(Employment Appeal Tribunal)

The EAT has rejected a claim that an employer's disciplinary investigation was unreasonably detailed, and held that the employee's subsequent dismissal for gross misconduct was fair.

Ms Pillar was a nurse practitioner, whose role involved triaging members of the public to determine their medical priority. She was dismissed for gross misconduct following an incident where she sent a patient who had experienced a heart attack to an out of hours GP, rather than calling 999. Ms Pillar brought proceedings in the ET, alleging that her dismissal was unfair because the investigation report, on which the employer had principally based its decision, included reference to two previous incidents which had not been treated as disciplinary matters. The Tribunal agreed with Ms Pillar, finding that those prior incidents should have been excluded from the investigation report. NHS 24 appealed.

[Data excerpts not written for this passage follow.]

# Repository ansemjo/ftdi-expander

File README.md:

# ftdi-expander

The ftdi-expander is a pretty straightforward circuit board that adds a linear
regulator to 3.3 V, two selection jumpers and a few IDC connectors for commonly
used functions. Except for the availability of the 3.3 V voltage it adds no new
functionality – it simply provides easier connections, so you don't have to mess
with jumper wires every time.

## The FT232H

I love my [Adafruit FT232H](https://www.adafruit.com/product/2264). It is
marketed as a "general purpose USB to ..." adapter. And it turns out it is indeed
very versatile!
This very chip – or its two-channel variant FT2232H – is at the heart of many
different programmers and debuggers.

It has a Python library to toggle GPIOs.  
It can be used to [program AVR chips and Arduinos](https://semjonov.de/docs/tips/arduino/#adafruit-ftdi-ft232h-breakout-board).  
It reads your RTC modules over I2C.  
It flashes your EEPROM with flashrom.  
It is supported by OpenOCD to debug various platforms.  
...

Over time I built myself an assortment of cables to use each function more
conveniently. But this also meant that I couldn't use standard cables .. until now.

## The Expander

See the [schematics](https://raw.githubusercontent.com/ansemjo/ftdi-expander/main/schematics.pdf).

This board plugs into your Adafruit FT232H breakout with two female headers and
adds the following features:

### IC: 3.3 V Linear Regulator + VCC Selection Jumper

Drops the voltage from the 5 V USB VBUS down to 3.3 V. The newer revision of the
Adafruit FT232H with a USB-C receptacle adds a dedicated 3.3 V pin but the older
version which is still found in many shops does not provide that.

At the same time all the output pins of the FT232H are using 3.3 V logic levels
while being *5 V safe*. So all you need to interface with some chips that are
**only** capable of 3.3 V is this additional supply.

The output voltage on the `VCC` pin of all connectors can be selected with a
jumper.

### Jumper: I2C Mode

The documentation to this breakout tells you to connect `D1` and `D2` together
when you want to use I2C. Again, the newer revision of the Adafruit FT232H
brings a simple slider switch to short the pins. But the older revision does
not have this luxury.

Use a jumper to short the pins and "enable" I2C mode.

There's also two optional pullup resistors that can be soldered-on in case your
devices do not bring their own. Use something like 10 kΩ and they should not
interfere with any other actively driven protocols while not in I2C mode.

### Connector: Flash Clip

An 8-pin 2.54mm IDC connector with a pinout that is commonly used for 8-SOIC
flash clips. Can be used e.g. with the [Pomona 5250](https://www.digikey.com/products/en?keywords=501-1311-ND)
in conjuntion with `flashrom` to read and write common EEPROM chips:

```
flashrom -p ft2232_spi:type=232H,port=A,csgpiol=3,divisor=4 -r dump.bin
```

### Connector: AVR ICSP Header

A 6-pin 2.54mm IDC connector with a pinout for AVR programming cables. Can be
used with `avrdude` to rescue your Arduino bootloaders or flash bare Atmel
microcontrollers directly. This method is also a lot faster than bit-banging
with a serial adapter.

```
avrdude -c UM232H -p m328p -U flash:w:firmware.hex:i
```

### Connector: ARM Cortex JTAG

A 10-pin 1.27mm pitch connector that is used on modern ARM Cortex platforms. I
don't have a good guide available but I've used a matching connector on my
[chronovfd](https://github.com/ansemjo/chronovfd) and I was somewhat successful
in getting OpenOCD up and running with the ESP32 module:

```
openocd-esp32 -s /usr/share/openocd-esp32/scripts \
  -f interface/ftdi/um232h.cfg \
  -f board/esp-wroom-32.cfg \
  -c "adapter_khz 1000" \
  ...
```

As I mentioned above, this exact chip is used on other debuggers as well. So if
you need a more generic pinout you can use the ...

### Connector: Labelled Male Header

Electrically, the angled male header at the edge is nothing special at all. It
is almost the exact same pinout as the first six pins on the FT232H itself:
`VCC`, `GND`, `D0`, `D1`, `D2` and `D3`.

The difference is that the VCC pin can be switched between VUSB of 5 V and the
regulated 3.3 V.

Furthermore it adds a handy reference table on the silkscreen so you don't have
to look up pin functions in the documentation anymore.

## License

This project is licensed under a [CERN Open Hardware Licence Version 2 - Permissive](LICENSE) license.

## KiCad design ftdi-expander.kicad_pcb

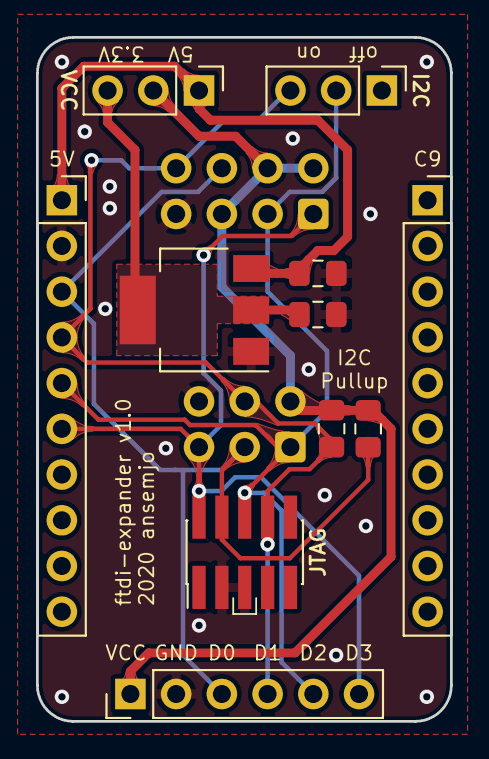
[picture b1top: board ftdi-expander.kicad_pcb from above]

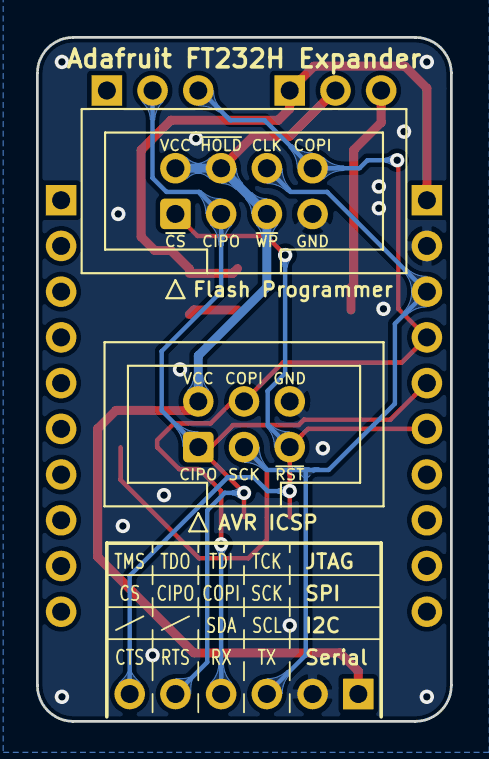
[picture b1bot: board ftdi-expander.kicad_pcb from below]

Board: 2 copper layers, 23.0 x 38.0 mm, 13 parts (2 on the bottom side), 8 nets.

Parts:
C1, C2: 1µF; C_0805_2012Metric_Pad1.15x1.40mm_HandSolder
J1, J2: Conn_01x10; PinSocket_1x10_P2.54mm_Vertical
J3: ARM-JTAG-10; PinHeader_2x05_P1.27mm_Vertical_SMD
J4: IDC 02x04; IDC-Header_2x04_P2.54mm_Vertical
J5: AVR-ISP-6; IDC-Header_2x03_P2.54mm_Vertical
J6: Conn_01x06_Male; PinHeader_1x06_P2.54mm_Vertical
R3, R4: 10kΩ; R_0805_2012Metric_Pad1.15x1.40mm_HandSolder
SW1, SW2: Jumper; PinHeader_1x03_P2.54mm_Vertical
U1: AZ1117EH-3.3TRG1; SOT-223-3_TabPin2

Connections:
+3V3: C2.2, SW1.3, U1.2
+5V: C1.2, J1.1, SW1.1, U1.3
D0: J1.3, J3.4, J4.6, J5.3, J6.3, R4.2
D1: J1.4, J3.8, J4.8, J5.4, J6.4, R3.2, SW2.3
D2: J1.5, J3.6, J4.3, J5.1, J6.5, SW2.2
D3: J1.6, J3.2, J4.1, J5.5, J6.6
GND: C1.1, C2.1, J1.2, J3.3, J3.5, J4.7, J5.6, J6.2, U1.1
VCC: J4.2, J4.4, J4.5, J5.2, J6.1, R3.1, R4.1, SW1.2

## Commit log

2020-09-09 begin tracking work on ft232h expander
2020-09-09 routed version with spdt switches
2020-09-09 replaced switches with jumper headers, tidied up traces, added teardrops
2020-09-09 fixed some drc errors caused by teardrops
2020-09-28 add readme, license, pictures and schematics pdf
2020-09-28 fix schematics link

The EAT found the ET's approach to be inconsistent. It held that a too-detailed investigation would not fail the test of whether the investigation had been adequate unless it were overzealous or otherwise unfair. The judge emphasised that disciplinary procedures should involve a two-stage process: the investigatory officer's task is to gather all relevant material to enable the disciplinary officer to reach a decision based on all pertinent factors. In this case, excluding material relevant to Ms Pillar's competence (and public safety) would have been a serious omission. Whilst Ms Pillar had not been subject to prior disciplinary proceedings, this did not on the evidence create any expectation that future incidents would be treated less seriously.

Although the facts of this case were unusual, the decision both clarifies the extent to which previous conduct can and should be taken into account in a disciplinary hearing; and reiterates the rule that employers remain subject to the "range of reasonable responses" test when deciding whether a disciplinary investigation was reasonable.